Well I guess I can say this, the people who want to build this track are my father and his wife. They want me to come up with a layout that every one will like and make them want to come every weekend so guys I need some in put. I myself have been looking at layouts of some tracks like the one used at the nats, neo 09 race and some others to get a feel for what every one might like and one things for sure I want some air maybe not as much as the river but at least 6 feet of air on the biggest jumps and I want to put back to back triples with different elivations throughout the track with different obsticals. I need feed back from everyone and I need to know what kind of dirt mixture. Nothing hard like mikes. Something thats in between hard and soft that is pretty easy to work with that will give alot of tracktion and doesnt get to dusty so guys dont wear out a set of tires everytime they come out.


----------



## kstoracing (Oct 30, 2008)

I'd like a tripple to table top to a switchback. Maybe I can draw up something and get it to you.

As for dirt what is that type used out at the River? Or a sandy/clay mix.


----------



## Courtney Vaughan (Apr 11, 2007)

I want a 180 degree up-the-wall turn!!!!


----------



## kstoracing (Oct 30, 2008)

Truely off road then.


----------



## Courtney Vaughan (Apr 11, 2007)

This is how I want it Michael......can you do it!?!?!?!?!?!?!?!


----------



## harrissmith (Mar 1, 2009)

Courtney Vaughan said:


> This is how I want it Michael......can you do it!?!?!?!?!?!?!?!
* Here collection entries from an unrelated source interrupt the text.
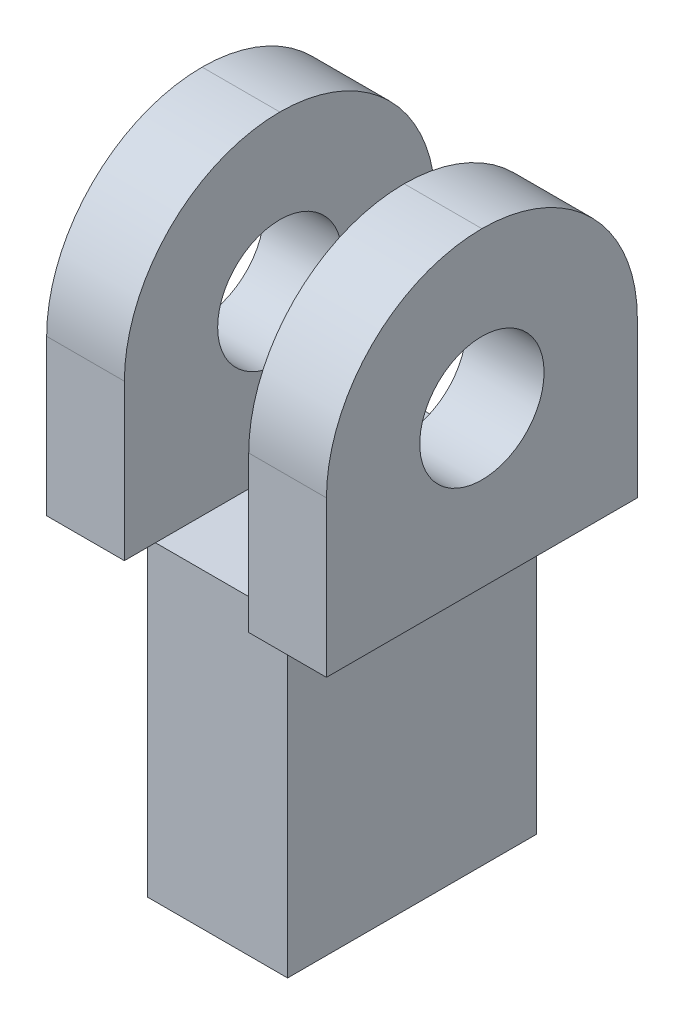
from build123d import *

# Parameters (mm, degrees)
SKETCH1_W           = 9
SKETCH1_H           = 16
BOSS_EXTRUDE1_DEPTH = 20
SKETCH2_W           = 8.2
SKETCH2_H           = 15.2
CUT_EXTRUDE1_DEPTH  = 18
SKETCH4_W           = 5
SKETCH4_H           = 20
BOSS_EXTRUDE2_DEPTH = 20
SKETCH5_R           = 4
CUT_EXTRUDE2_DEPTH  = 45.988887517
FILLET1_R           = 10


with BuildPart() as part:
    # Sketch1 → Boss-Extrude1 (new body)
    with BuildSketch(Plane(origin=(0, 0, 0), x_dir=(1, 0, 0), z_dir=(0, 1, 0))):
        Rectangle(SKETCH1_W, SKETCH1_H)
    extrude(amount=BOSS_EXTRUDE1_DEPTH)

    # Sketch2 → Cut-Extrude1 (cut)
    with BuildSketch(Plane.XZ):
        Rectangle(SKETCH2_W, SKETCH2_H)
    extrude(amount=-CUT_EXTRUDE1_DEPTH, mode=Mode.SUBTRACT)

    # Sketch4 → Boss-Extrude2 (add)
    with BuildSketch(Plane(origin=(0, 20, 0), x_dir=(1, 0, 0), z_dir=(0, 1, 0))):
        with Locations((6.5, 0)):
            Rectangle(SKETCH4_W, SKETCH4_H)
        with Locations((-6.5, 0)):
            Rectangle(SKETCH4_W, SKETCH4_H)
    extrude(amount=BOSS_EXTRUDE2_DEPTH)

    # Sketch5 → Cut-Extrude2 (cut, through all)
    with BuildSketch(Plane(origin=(9, 0, 0), x_dir=(0, 0, -1), z_dir=(1, 0, 0))):
        with Locations((0, 30)):
            Circle(SKETCH5_R)
    extrude(amount=-CUT_EXTRUDE2_DEPTH, mode=Mode.SUBTRACT)

    # Fillet1
    fillet1_edges = [part.edges().sort_by_distance(p)[0] for p in [
        (6.5, 40, 10),
        (6.5, 40, -10),
        (-6.5, 40, -10),
        (-6.5, 40, 10),
    ]]
    fillet(fillet1_edges, radius=FILLET1_R - 0.0001)  # a hair under: the kernel refuses the full size


solid = part.part

I'm not marshalling that without a helmet!


----------



## ItsNillusion07 (Jul 15, 2009)

I will see what I can do. I have see a video from that race before. Pretty cool. I would hate to see what kind of wear and tear that jump was putting on those cars. And anybody else got some recomendations on a type of dirt.


----------



## troytyro (Feb 3, 2009)

no we need more jumps like that! just make the landing real fluffy


----------



## darrenwilliams (Apr 21, 2008)

70/30 Sand/Clay


----------



## kstoracing (Oct 30, 2008)

Sounds like you're cooking up a cake or drink.


----------



## darrenwilliams (Apr 21, 2008)

A drink sound good


----------



## Courtney Vaughan (Apr 11, 2007)

I'll have a Crown and sand with a splash of clay please


----------



## troytyro (Feb 3, 2009)

make that 2


----------



## ItsNillusion07 (Jul 15, 2009)

And a dash of nitro for some kick!


----------



## killerkustoms (Nov 6, 2008)

Can ******* race there Mike?


----------



## kaotickc (May 2, 2009)

Whatever layout you do pick, just make sure to try your best to make it flow. . . look at old supercross layouts, they always maximize the track/space.


----------



## Gary (May 21, 2004)

Talk to Terry Smidt at Larrys Hobbies. He nailed it at Performance Raceway.


----------



## ItsNillusion07 (Jul 15, 2009)

******* can come but has to marshall every qual and main. Guess that means he wont be racing to much. LOL. He can marshal the triples.


----------



## ItsNillusion07 (Jul 15, 2009)

Hey guys I need some more ideas as far as what kind of layout you would like. The way it was put to me is this is a track for the racers by the racers. Also when construction is under way a select few will be asked to help with building the track and those select few will be allowed to come anytime they want when the track is open for FREE!


----------



## killerkustoms (Nov 6, 2008)

Michael its simple, its your track you've been to many other tracks, lay it out as you think is best and changes can come as people start running out there. I know if it was me I would just build it to my liking and adjust accordingly as people start attending.


----------



## ItsNillusion07 (Jul 15, 2009)

I know that Rubin. However that is what I was told to do. They want the drivers input on what they might like.


----------



## troytyro (Feb 3, 2009)

Thats what i would do! You can allways make changes if needed.


----------



## Courtney Vaughan (Apr 11, 2007)

Michael, 

Take it from me.......just use your best judgement and go from there.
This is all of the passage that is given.